Abortive medications

Milder migraines could be treated by common over the counter pain relievers such as acetaminophen (Tylenol), Asprin or NSAIDs (nonsteroidal anti-inflammatory drugs) such as ibuprofen. Over the counter drugs which developed to specifically treat migraines, such as Excedrin Migraine, could also be helpful for patients with mild migraines. However, over use of OTC pain relief drugs can lead to medication-overuse headaches and ulcers.

Prescription pain relievers known as triptans are mostly used as abortive medication for more severe migraines. Triptans target serotonin in the brain and many migraine sufferers report them to be effective in obstructing migraine pain. Triptan medications include:

  • Sumatriptan

  • Rizatripan

  • Naratriptan

  • Zolmitriptan

  • Eletriptan

  • Almotriptan

  • Frovatriptan

Because the side effects of triptans can include muscle weakness, nausea and dizziness, they are not recommended to be used by heart or stroke patients. Triptans can be found in the form of pills, injections as well as nasal sprays.

Although less effective than triptans, ergots, essentially ergotamine and caffeine combination drugs, are also used to thwart migraines. Like triptans, ergots can also be found in the form of nasal sprays and injections and tend to be more effective for migraines lasting more than two days.

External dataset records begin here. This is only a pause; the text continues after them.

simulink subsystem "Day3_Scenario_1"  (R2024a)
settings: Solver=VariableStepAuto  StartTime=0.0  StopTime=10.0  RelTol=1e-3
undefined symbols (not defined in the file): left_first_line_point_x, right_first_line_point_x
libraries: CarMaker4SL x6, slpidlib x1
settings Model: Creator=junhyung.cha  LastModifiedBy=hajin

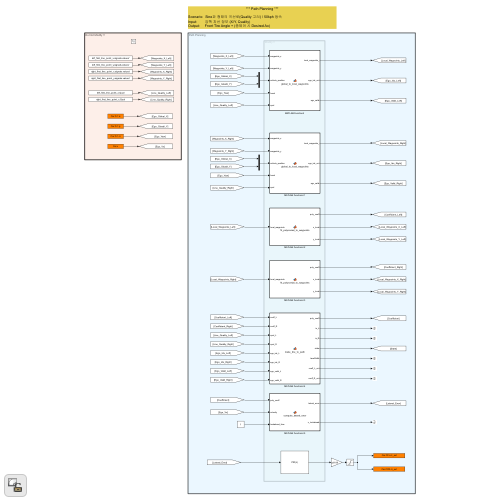
[thumbnail: Simulink's stored preview of the top-level diagram]
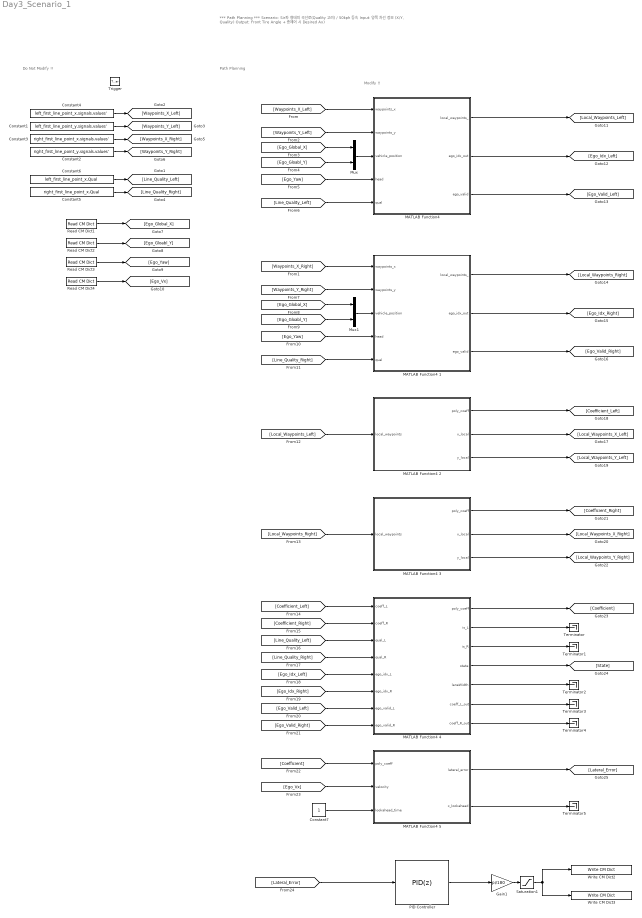
== system Day3_Scenario_1 ==
  note: Path Planning
  note: Do Not Modify !!
  note: Modify !!
  note: *** Path Planning ***
      |
      | Scenario: Sine파 형태의 곡선로(Quality 고려) / 50kph 등속
      | Input: 양쪽 차선 정보 (X/Y, Quality)
      | Output: Front Tire Angle + (종제어 시 Desired Ax)
  Trigger : TriggerPort  TriggerType=function-call  VariantControl=(inherit)
  Constant1 : Constant  Value=left_first_line_point_y.signals.values'
  Constant2 : Constant  Value=right_first_line_point_y.signals.values'
  Constant3 : Constant  Value=right_first_line_point_x.signals.values'
  Constant4 : Constant  Value=left_first_line_point_x.signals.values'
  Constant5 : Constant  Value=right_first_line_point_x.Qual
  Constant6 : Constant  Value=left_first_line_point_x.Qual
  Constant7 : Constant
  Gain1 : Gain  Gain=pi/180
  "MATLAB Function4 " : MATLAB Function  TreatAsAtomicUnit=on
  MATLAB Function4 1 : MATLAB Function  TreatAsAtomicUnit=on
  MATLAB Function4 2 : MATLAB Function  TreatAsAtomicUnit=on
  MATLAB Function4 3 : MATLAB Function  TreatAsAtomicUnit=on
  MATLAB Function4 4 : MATLAB Function  TreatAsAtomicUnit=on
  MATLAB Function4 5 : MATLAB Function  TreatAsAtomicUnit=on
  Mux : Mux  Inputs=2
  Mux1 : Mux  Inputs=2
  PID Controller : slpidlib/PID Controller  Controller=PID  Form=Parallel  TimeDomain=Discrete-time  UseExternalTs=off  SampleTime=-1  IntegratorMethod=Forward Euler  FilterMethod=Forward Euler  ControllerParametersSource=internal  P=3  I=0  UseKiTs=off  D=0.8  UseExternalDerivativeSource=off  N=100  UseFilter=on  TunerSelectOption=Transfer Function Based (PID Tuner App)  InitialConditionSource=internal  InitialConditionForIntegrator=0  InitialConditionForFilter=0  DifferentiatorICPrevScaledInput=0  ExternalReset=none  TrackingMode=off  Kt=1  LimitOutput=off  SatLimitsSource=internal  UpperSaturationLimit=inf  LowerSaturationLimit=-inf  LinearizeAsGain=on  AntiWindupMode=none  Kb=1  LimitIntegrator=off  UpperIntegratorSaturationLimit=inf  LowerIntegratorSaturationLimit=-inf  POutMin=[]  POutMax=[]  IOutMin=[]  IOutMax=[]  DOutMin=[]  DOutMax=[]  NOutMin=[]  NOutMax=[]  SumOutMin=[]  SumOutMax=[]  SaturationOutMin=[]  SaturationOutMax=[]  PParamMin=[]  PParamMax=[]  IParamMin=[]  IParamMax=[]  DParamMin=[]  DParamMax=[]  NParamMin=[]  NParamMax=[]  KbParamMin=[]  KbParamMax=[]  KtParamMin=[]  KtParamMax=[]  KbOutMin=[]  KbOutMax=[]  KtOutMin=[]  KtOutMax=[]  IntegratorOutMin=[]  IntegratorOutMax=[]  FilterOutMin=[]  FilterOutMax=[]  SumI1OutMin=[]  SumI1OutMax=[]  SumI2OutMin=[]  SumI2OutMax=[]  SumI3OutMin=[]  SumI3OutMax=[]  SumI4OutMin=[]  SumI4OutMax=[]  SumDOutMin=[]  SumDOutMax=[]  DifferentiatorOutMin=[]  DifferentiatorOutMax=[]  FilterDiffOutCoefMin=[]  FilterDiffOutCoefMax=[]  ReciprocalOutMin=[]  ReciprocalOutMax=[]  SumDenOutMin=[]  SumDenOutMax=[]  SumNumOutMin=[]  SumNumOutMax=[]  DivideOutMin=[]  DivideOutMax=[]  UdiffTsProdOutMin=[]  UdiffTsProdOutMax=[]  NTsProdOutMin=[]  NTsProdOutMax=[]  UintegralTsProdOutMin=[]  UintegralTsProdOutMax=[]  UngainTsProdOutMin=[]  UngainTsProdOutMax=[]  ClampingZeroOutDataTypeStr=Inherit: Inherit via back propagation  ClampingZeroOutMin=[]  ClampingZeroOutMax=[]  FilterDenConstantOutDataTypeStr=Inherit: Inherit via back propagation  FilterDenConstantOutMin=[]  FilterDenConstantOutMax=[]  PCopyOutDataTypeStr=Inherit: Inherit via back propagation  PCopyOutMin=[]  PCopyOutMax=[]  NCopyOutDataTypeStr=Inherit: Inherit via back propagation  NCopyOutMin=[]  NCopyOutMax=[]  IntegratorContinuousStateAttributes=''  IntegratorStateMustResolveToSignalObject=off  IntegratorRTWStateStorageClass=Auto  FilterContinuousStateAttributes=''  FilterStateMustResolveToSignalObject=off  FilterRTWStateStorageClass=Auto  ParallelPVariant=InternalParameters  IdealPVariant=Disabled  IVariant=InternalParameters  DVariant=InternalParameters  IntegratorVariant=Discrete  SatVariant=Disabled  AWVariant=Passthrough  PCopyVariant=Disabled  TRVariant=Disabled  FdbkBlocksVariant=Forward  IdealPFdbkVariant=Disabled  SatFdbkVariant=Disabled  DerivativeFilterVariant=ForwardEulerFilter  NVariant=InternalParameters  NCopyVariant=Disabled  FilterICVariant=InternalICsFilter  IntegratorICVariant=InternalICs  ExternalResetVariant=Disabled  TRSumVariant=Passthrough  SumFdbkVariant=Disabled  SumVariant=Sum_PID  TsampFilterVariant=InternalTs  TsampNgainVariant=Passthrough  TsampIntegralVariant=Disabled_SignalSpec  ExternalSaturationOutDataTypeStr=Inherit: Same as second input  DerivativeSourceVariant=ErrorSignal
  Read CM Dict1 : CarMaker4SL/Read CM Dict  xname=Car.Fr1.tx  xsync=off  xstime=Inherited
  Read CM Dict2 : CarMaker4SL/Read CM Dict  xname=Car.Fr1.ty  xsync=off  xstime=Inherited
  Read CM Dict3 : CarMaker4SL/Read CM Dict  xname=Car.Fr1.rz  xsync=off  xstime=Inherited
  Read CM Dict4 : CarMaker4SL/Read CM Dict  xname=Car.v  xsync=off  xstime=Inherited
  Saturation1 : Saturate  UpperLimit=2  LowerLimit=-2
  Terminator{,1..5} (6 alike) : Terminator
  Write CM Dict2 : CarMaker4SL/Write CM Dict  xname=Car.CFL.rz_ext  xsync=off
  Write CM Dict3 : CarMaker4SL/Write CM Dict  xname=Car.CFR.rz_ext  xsync=off
  wires:
  Constant4/1 -> [Waypoints_X_Left]
  Constant1/1 -> [Waypoints_Y_Left]
  Constant2/1 -> [Waypoints_Y_Right]
  Constant3/1 -> [Waypoints_X_Right]
  [Waypoints_X_Left] -> "MATLAB Function4 "/1(waypoints_x)
  [Waypoints_Y_Left] -> "MATLAB Function4 "/2(waypoints_y)
  Mux/1 -> "MATLAB Function4 "/3(vehicle_position)
  [Ego_Global_X] -> Mux/1
  Read CM Dict2/1 -> [Ego_Gloabl_Y]
  Read CM Dict1/1 -> [Ego_Global_X]
  [Ego_Gloabl_Y] -> Mux/2
  Read CM Dict3/1 -> [Ego_Yaw]
  [Ego_Yaw] -> "MATLAB Function4 "/4(head)
  Constant5/1 -> [Line_Quality_Right]
  Constant6/1 -> [Line_Quality_Left]
  [Line_Quality_Left] -> "MATLAB Function4 "/5(qual)
  [Line_Quality_Right] -> MATLAB Function4 1/5(qual)
  [Ego_Yaw] -> MATLAB Function4 1/4(head)
  [Ego_Gloabl_Y] -> Mux1/2
  [Ego_Global_X] -> Mux1/1
  [Waypoints_Y_Right] -> MATLAB Function4 1/2(waypoints_y)
  [Waypoints_X_Right] -> MATLAB Function4 1/1(waypoints_x)
  Mux1/1 -> MATLAB Function4 1/3(vehicle_position)
  "MATLAB Function4 "/3(ego_valid) -> [Ego_Valid_Left]
  "MATLAB Function4 "/2(ego_idx_out) -> [Ego_Idx_Left]
  "MATLAB Function4 "/1(local_waypoints_) -> [Local_Waypoints_Left]
  MATLAB Function4 1/1(local_waypoints_) -> [Local_Waypoints_Right]
  MATLAB Function4 1/2(ego_idx_out) -> [Ego_Idx_Right]
  MATLAB Function4 1/3(ego_valid) -> [Ego_Valid_Right]
  [Local_Waypoints_Left] -> MATLAB Function4 2/1(local_waypoints)
  [Local_Waypoints_Right] -> MATLAB Function4 3/1(local_waypoints)
  MATLAB Function4 2/1(poly_coeff) -> [Coefficient_Left]
  MATLAB Function4 2/2(x_local) -> [Local_Waypoints_X_Left]
  MATLAB Function4 2/3(y_local) -> [Local_Waypoints_Y_Left]
  MATLAB Function4 3/3(y_local) -> [Local_Waypoints_Y_Right]
  MATLAB Function4 3/2(x_local) -> [Local_Waypoints_X_Right]
  MATLAB Function4 3/1(poly_coeff) -> [Coefficient_Right]
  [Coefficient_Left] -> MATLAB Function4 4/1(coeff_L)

Many migraine sufferers also take additional medication, such as anti-nausea medication, to prevent other symptoms of migraines such as nausea and vomiting. In certain cases where patients cannot take triptans and ergots to treat migraines, opioid medications, which contain narcotics are used to treat migraine pain.

Preventative Medication

Preventative medication is used by people who suffer from chronic migraines and experience migraine events that last longer than 12 hours. Preventative medication can be taken daily to curb migraine attacks and reduce their duration and severity. Anti-seizure drugs, beta blockers and anti-depressants could also be used to prevent migraines. Anti-seizure drugs such as topiramate are very popular amongst chronic migraine sufferers although their usage can often lead to side effects which include nausea, weight loss and brain fog.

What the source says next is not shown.